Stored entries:
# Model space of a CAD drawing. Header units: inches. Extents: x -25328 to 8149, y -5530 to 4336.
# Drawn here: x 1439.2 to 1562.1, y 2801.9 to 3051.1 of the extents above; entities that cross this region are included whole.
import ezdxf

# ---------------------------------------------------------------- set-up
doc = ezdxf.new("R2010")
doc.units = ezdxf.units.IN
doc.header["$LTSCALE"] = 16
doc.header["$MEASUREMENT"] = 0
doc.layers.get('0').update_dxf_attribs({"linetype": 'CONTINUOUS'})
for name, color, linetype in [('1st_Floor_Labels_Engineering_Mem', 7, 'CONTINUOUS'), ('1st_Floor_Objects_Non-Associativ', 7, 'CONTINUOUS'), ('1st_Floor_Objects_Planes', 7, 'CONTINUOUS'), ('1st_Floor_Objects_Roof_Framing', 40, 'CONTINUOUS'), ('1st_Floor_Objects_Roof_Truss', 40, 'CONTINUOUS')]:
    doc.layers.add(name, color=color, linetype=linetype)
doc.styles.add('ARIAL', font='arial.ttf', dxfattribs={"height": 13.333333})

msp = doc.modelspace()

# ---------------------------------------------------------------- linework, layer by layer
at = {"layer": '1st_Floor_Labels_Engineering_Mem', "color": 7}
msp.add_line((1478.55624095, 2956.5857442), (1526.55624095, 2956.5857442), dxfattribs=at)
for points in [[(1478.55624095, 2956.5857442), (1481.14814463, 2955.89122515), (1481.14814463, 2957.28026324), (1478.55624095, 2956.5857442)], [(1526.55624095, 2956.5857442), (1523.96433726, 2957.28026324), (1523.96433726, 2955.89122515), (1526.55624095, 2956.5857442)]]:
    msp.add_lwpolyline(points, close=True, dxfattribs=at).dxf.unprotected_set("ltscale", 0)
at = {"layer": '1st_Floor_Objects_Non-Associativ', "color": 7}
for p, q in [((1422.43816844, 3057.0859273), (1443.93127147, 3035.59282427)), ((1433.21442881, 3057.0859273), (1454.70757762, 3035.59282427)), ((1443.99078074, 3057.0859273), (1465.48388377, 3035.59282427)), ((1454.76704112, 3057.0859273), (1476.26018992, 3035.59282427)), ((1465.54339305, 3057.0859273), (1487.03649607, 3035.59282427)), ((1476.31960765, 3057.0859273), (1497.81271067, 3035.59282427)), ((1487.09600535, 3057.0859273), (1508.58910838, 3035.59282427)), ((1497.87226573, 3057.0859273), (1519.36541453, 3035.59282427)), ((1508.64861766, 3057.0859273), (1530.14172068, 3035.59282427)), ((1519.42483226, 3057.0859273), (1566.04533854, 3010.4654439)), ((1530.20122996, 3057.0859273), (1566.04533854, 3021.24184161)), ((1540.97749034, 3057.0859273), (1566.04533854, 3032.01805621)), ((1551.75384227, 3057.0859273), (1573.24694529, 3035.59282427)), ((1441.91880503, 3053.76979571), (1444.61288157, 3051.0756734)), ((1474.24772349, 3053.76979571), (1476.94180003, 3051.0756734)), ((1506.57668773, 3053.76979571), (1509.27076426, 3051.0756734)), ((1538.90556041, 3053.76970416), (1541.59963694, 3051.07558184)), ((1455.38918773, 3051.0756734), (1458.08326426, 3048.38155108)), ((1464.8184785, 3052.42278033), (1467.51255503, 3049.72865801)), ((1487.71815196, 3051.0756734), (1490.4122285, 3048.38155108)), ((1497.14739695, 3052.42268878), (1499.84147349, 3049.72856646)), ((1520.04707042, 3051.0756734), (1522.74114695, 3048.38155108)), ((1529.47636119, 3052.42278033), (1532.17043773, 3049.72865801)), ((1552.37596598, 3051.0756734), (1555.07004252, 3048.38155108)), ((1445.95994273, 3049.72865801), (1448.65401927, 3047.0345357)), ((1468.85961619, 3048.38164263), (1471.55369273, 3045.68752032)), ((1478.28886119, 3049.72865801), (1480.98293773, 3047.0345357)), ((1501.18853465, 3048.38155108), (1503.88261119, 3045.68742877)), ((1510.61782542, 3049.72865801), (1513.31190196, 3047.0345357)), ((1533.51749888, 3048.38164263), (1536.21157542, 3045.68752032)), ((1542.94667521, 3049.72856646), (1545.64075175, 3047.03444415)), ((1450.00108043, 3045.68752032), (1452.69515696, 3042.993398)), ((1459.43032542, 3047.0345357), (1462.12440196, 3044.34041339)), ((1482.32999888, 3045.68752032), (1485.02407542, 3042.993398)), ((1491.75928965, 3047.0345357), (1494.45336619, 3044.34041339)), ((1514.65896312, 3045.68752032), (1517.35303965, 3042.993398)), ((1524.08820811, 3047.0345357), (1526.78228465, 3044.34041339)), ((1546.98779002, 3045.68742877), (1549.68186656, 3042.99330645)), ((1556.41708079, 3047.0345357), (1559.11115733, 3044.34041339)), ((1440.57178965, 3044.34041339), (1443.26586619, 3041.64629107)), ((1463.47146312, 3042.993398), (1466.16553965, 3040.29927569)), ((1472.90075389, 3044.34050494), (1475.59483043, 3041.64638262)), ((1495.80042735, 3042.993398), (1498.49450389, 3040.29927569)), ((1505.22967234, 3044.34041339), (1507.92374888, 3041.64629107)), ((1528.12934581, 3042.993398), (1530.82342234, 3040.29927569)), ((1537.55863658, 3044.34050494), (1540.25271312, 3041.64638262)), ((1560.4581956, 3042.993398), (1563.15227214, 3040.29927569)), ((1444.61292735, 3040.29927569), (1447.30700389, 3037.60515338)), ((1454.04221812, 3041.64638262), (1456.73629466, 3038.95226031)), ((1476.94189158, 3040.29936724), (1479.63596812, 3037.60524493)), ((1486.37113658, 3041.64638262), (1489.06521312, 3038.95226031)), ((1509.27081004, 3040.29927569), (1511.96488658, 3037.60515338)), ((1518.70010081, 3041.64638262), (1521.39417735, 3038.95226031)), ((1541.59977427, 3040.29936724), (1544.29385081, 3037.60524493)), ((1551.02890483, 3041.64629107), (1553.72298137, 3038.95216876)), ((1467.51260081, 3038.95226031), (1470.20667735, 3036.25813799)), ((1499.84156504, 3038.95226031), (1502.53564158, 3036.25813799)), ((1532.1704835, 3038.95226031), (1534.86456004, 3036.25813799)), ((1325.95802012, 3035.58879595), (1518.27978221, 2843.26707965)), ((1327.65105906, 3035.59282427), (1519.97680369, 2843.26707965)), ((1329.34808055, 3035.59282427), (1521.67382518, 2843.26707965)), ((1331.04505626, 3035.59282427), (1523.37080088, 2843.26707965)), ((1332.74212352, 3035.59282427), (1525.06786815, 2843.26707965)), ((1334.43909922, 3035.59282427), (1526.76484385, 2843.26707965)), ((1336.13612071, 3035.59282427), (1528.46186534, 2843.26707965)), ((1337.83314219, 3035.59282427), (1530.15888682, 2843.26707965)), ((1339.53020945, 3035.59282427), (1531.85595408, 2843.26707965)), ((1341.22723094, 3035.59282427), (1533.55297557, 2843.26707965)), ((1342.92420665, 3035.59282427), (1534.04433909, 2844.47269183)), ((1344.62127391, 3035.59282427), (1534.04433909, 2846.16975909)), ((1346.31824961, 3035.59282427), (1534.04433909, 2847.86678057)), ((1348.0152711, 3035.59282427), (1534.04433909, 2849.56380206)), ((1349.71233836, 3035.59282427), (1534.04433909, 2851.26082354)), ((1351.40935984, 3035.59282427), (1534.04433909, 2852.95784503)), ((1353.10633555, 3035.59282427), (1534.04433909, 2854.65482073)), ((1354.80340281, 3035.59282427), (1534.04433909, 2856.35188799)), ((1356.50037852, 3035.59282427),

To do:
Check each line in the records for the word "dxfattribs" and say how many have it, with nothing else.

Problem solution:
3